Dan aku menikmatinya. Tak pernah sedikitpun aku merasa bosan. Karena bagiku
seorang notulis tidak hanya perkara mencatat, tapi juga belajar. Kau bisa
belajar banyak hal dari tulisan-tulisanmu. Itu adalah sebuah kebanggan untukmu
tersendiri ketika tulisanmu dibaca oleh banyak orang. Aku tak pernah merasa
lelah, aku bahkan tak pernah belajar secara khusus tentang bagaimana menjadi
notulis maupun fasilitator yang baik. Semuanya otodidak. Aku hanya melakukan
apa yang aku suka dan apa yang aku mau. Aku suka menulis, jadi aku menulis hanya
karna aku suka”
Seperti
itu yang aku ingat. Pelajaran pertama yang aku dapat adalah jangan
melihat suatu pekerjaan dari segi kebosanan yang akan kau dapat. Tapi lihatlah
dari segi manfaat dan cinta yang pekerjaan itu punyai untukmu. Beliau sudah
mempunyai 3 buku yang diterbitkan.
Pelajaran kedua aku dapat dari mas
Gama. Bidang yang ia geluti sama dengan mas mukhotib, bukan menulis. Tapi mengenai
advokasi. Saat itu, kami berada dalam sebuah meja yang sama, berdua.
“asli mana dek?”
“Cilacap mas”
“besok rencana lulus mau kemana?”
“ga tahu mas, niatnya mau coba diluar
jawa dulu. Tapi ga tau juga belum fix”
“la emank pacar kamu orang mana?” *mas,
lak itu berhubungan ama pacar?? -_-
Ia hanya berkata, kalo kmu punya pacarkan
biasanya udah ada planning. Saat itu aku hanya tersenyum manis. Entah aura apa
yang ditangkap oleh mas Gama, entah hal apa yang ia baca dari wajahku. Ia hanya
berkata...
“Spion itu bukan digunakan untuk
bercermin. Ia hanya digunakan untuk melihat sekilas. Sama seperti masa lalu, ia
bukan digunakan sebagai referensi, namun hanya sebagai catatan”

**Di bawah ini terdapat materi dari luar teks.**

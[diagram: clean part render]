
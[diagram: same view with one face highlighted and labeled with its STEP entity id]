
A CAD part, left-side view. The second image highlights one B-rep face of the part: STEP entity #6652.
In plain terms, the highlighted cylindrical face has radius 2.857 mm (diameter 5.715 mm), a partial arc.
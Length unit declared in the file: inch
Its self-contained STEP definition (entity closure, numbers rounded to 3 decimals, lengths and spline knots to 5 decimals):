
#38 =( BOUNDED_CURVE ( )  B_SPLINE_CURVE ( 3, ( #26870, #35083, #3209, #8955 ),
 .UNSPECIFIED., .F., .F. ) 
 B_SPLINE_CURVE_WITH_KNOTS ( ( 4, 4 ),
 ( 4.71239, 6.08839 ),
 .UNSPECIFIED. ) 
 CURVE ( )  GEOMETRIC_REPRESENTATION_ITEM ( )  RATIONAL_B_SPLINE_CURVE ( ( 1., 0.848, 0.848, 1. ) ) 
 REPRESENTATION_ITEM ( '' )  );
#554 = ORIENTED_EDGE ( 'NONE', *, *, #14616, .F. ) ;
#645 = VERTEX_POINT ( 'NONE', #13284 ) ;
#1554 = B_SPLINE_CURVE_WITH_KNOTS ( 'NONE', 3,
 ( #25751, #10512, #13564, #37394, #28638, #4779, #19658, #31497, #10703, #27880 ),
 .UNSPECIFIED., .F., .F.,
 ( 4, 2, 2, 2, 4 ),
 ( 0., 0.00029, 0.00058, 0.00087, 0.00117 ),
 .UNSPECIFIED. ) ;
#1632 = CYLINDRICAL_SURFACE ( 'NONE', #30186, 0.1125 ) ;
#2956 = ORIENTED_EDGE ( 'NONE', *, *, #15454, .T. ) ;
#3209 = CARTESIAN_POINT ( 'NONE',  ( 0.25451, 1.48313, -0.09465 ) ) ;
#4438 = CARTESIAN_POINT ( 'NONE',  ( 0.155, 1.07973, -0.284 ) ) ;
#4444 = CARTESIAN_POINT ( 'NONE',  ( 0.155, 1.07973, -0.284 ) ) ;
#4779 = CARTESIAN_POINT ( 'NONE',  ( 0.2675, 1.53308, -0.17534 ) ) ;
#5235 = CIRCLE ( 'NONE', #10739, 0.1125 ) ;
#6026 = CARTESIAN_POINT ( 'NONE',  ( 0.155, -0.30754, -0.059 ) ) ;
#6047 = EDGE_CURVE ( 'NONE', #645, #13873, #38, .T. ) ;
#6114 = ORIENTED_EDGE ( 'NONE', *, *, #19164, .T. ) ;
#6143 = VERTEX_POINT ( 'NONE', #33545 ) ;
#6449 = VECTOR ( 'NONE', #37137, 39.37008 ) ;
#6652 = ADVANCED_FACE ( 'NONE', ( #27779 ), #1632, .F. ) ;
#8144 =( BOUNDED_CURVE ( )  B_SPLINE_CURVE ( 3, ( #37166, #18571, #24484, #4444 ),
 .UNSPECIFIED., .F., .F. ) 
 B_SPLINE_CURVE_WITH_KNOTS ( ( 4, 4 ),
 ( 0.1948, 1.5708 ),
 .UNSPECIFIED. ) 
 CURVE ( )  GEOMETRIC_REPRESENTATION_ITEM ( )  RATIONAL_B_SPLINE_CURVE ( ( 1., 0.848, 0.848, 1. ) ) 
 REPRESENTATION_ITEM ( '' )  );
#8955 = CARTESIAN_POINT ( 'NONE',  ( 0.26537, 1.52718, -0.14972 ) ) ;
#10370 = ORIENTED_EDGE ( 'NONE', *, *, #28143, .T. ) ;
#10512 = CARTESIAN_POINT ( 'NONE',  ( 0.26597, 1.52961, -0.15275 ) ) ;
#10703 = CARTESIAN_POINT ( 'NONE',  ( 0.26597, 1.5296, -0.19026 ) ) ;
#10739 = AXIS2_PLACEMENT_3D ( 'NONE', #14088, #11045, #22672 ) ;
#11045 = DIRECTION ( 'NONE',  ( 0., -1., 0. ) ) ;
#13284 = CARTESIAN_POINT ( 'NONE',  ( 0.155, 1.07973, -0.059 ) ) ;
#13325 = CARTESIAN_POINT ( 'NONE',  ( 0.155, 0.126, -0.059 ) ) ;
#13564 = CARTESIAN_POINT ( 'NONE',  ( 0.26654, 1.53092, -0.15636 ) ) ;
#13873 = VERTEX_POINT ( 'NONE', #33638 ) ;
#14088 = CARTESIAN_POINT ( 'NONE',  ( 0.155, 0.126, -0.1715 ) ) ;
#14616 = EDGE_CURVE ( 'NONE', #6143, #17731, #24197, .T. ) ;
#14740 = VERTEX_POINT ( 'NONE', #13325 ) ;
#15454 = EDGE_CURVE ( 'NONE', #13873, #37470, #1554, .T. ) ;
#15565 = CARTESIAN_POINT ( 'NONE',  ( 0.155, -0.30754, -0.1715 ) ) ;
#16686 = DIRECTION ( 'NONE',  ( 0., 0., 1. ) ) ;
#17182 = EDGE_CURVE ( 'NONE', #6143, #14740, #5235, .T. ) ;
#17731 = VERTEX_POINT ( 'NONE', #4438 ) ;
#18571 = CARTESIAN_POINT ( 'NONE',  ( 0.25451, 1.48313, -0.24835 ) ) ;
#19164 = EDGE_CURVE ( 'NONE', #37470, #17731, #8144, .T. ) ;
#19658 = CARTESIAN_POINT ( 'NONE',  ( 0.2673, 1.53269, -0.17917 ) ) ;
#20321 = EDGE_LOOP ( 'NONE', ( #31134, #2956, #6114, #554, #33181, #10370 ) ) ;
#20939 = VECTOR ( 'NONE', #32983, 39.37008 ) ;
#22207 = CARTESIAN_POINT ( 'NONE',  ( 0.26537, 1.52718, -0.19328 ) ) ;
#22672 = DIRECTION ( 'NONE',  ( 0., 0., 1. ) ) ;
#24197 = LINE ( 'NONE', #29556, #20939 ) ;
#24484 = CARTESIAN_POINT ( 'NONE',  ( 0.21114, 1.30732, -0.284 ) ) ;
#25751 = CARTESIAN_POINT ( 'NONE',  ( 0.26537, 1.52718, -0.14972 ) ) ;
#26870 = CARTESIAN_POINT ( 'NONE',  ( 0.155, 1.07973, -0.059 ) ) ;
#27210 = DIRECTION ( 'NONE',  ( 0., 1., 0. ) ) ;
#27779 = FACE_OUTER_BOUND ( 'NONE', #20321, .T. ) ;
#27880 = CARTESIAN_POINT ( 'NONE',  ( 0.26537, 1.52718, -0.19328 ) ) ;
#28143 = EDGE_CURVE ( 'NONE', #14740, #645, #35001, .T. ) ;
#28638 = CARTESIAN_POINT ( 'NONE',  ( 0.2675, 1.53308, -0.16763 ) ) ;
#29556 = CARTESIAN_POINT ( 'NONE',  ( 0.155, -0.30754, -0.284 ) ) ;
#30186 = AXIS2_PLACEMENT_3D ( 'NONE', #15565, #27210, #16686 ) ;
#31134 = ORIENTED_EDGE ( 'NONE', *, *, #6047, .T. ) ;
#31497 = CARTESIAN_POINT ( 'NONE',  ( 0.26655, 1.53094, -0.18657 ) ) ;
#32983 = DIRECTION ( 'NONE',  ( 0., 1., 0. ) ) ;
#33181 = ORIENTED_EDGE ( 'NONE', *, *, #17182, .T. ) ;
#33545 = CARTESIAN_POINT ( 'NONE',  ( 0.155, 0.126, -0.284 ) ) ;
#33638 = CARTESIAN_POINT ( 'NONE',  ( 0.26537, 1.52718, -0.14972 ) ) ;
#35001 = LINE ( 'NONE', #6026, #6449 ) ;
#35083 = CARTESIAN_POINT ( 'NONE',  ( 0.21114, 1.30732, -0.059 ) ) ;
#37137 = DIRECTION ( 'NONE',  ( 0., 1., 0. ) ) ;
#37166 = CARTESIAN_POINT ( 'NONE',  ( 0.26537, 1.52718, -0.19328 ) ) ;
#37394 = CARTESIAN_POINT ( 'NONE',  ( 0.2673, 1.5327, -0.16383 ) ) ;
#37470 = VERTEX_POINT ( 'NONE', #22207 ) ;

Aku hanya terdiam. Tak tahu aku harus
berkata apa.
“Saat itu, apa yang membuat mas Gama
memutuskan untuk menikah”
“aku mencintainya, dan aku tahu aku
tak bisa jika aku tak menikahinya”
Ia hanya sedikit bertanya, apa yang
terjadi pada masa laluku. Akupun tak bisa berkata apapun.
Pernah berfikir bahwa kau tak bisa
hidup seorang diri tanpa seseorang berada disampingmu? Aku pernah. Hingga suatu
saat seseorang pernah berkata padaku, dari dulu kau sendiri hingga ajal
menjemputmu pun kau akan sendiri. Ia berkata padaku tepat disaat ia memutuskan hubungan
kami yang sempat terjalin cukup lama.
Aku sempat berfikir bahwa itu tak
mungkin. Aku tak bisa sendiri. Suatu waktu, Tuhan benar-benar mengajariku apa
itu sendiri, sampai sekarang. Kesalahan terbesarku adalah aku terlalu menikmati
rasa kesendirianku yang kini terasa begitu indah.
“menikah itu pilihan. Tapi dengan
menikah ataupun mempunyai seseorang yang berada disampingmu tak akan mengubah
hidupmu 100%. Cintamu hanya akan bertambah”
“dapatkanlah seseorang yang tak
membatasimu, karna ketika ia menjadi pemimpinmu ia akan lebih membatasimu. Jadilah
dirimu sendiri saat kamu memasuki proses dengannya. Itu adalah ajangmu untuk mengenali
dirinya dan mengenalkan dirimu”
Tuhan, bila aku
meminta seseorang untuk menemaniku, apa itu boleh??
Itu
adalah sekilas hal yang aku dapat dari sebuah pertemuan singkat yang membukakan mataku.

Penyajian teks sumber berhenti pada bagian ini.